> _What you will do_:
Please report how many lines in these records contain the string "Zero", and give nothing besides the number.

> _Data_:
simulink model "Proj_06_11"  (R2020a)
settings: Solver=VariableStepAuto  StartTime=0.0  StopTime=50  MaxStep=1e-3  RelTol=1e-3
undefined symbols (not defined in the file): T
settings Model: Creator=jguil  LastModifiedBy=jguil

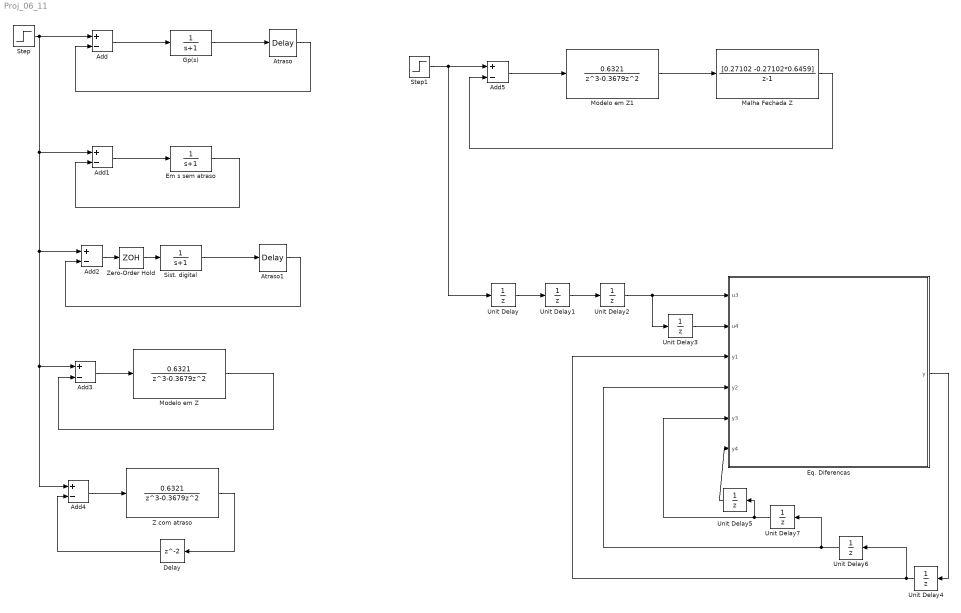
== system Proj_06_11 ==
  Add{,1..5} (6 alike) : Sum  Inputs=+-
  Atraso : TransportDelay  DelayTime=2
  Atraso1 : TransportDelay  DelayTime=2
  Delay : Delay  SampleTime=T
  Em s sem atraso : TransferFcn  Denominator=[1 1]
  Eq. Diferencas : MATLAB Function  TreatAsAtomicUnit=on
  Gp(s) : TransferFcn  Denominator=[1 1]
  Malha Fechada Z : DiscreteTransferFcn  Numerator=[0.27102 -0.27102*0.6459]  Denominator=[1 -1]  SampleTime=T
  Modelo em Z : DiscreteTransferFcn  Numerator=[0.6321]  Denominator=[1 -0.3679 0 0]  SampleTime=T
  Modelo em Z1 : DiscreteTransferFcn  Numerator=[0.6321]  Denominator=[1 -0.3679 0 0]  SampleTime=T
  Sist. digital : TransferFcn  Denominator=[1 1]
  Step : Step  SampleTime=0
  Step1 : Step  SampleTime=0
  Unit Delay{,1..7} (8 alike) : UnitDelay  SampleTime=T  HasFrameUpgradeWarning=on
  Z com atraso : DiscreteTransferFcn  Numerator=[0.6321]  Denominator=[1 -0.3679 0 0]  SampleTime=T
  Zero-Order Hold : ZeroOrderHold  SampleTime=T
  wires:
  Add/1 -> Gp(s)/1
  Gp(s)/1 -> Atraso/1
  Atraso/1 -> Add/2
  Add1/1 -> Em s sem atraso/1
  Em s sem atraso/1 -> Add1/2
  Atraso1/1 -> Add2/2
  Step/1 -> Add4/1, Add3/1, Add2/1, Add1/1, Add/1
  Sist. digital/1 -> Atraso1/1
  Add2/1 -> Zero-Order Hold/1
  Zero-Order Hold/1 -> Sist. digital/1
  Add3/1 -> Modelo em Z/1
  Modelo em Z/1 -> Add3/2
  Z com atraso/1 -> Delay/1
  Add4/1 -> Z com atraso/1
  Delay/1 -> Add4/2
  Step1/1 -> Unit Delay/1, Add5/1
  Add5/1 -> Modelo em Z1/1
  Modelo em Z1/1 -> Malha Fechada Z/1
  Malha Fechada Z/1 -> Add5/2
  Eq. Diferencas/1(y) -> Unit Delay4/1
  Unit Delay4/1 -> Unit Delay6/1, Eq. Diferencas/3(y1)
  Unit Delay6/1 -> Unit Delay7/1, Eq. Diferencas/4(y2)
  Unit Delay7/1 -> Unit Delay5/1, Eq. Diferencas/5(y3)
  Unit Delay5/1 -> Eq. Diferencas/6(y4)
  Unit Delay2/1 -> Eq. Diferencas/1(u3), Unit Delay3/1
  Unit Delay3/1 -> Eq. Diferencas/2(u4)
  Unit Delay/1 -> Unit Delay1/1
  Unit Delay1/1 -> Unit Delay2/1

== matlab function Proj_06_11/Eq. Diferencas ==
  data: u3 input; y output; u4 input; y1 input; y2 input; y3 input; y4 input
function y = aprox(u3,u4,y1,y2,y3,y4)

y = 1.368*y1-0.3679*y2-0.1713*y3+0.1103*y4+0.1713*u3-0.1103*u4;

> _Output for this task_:
3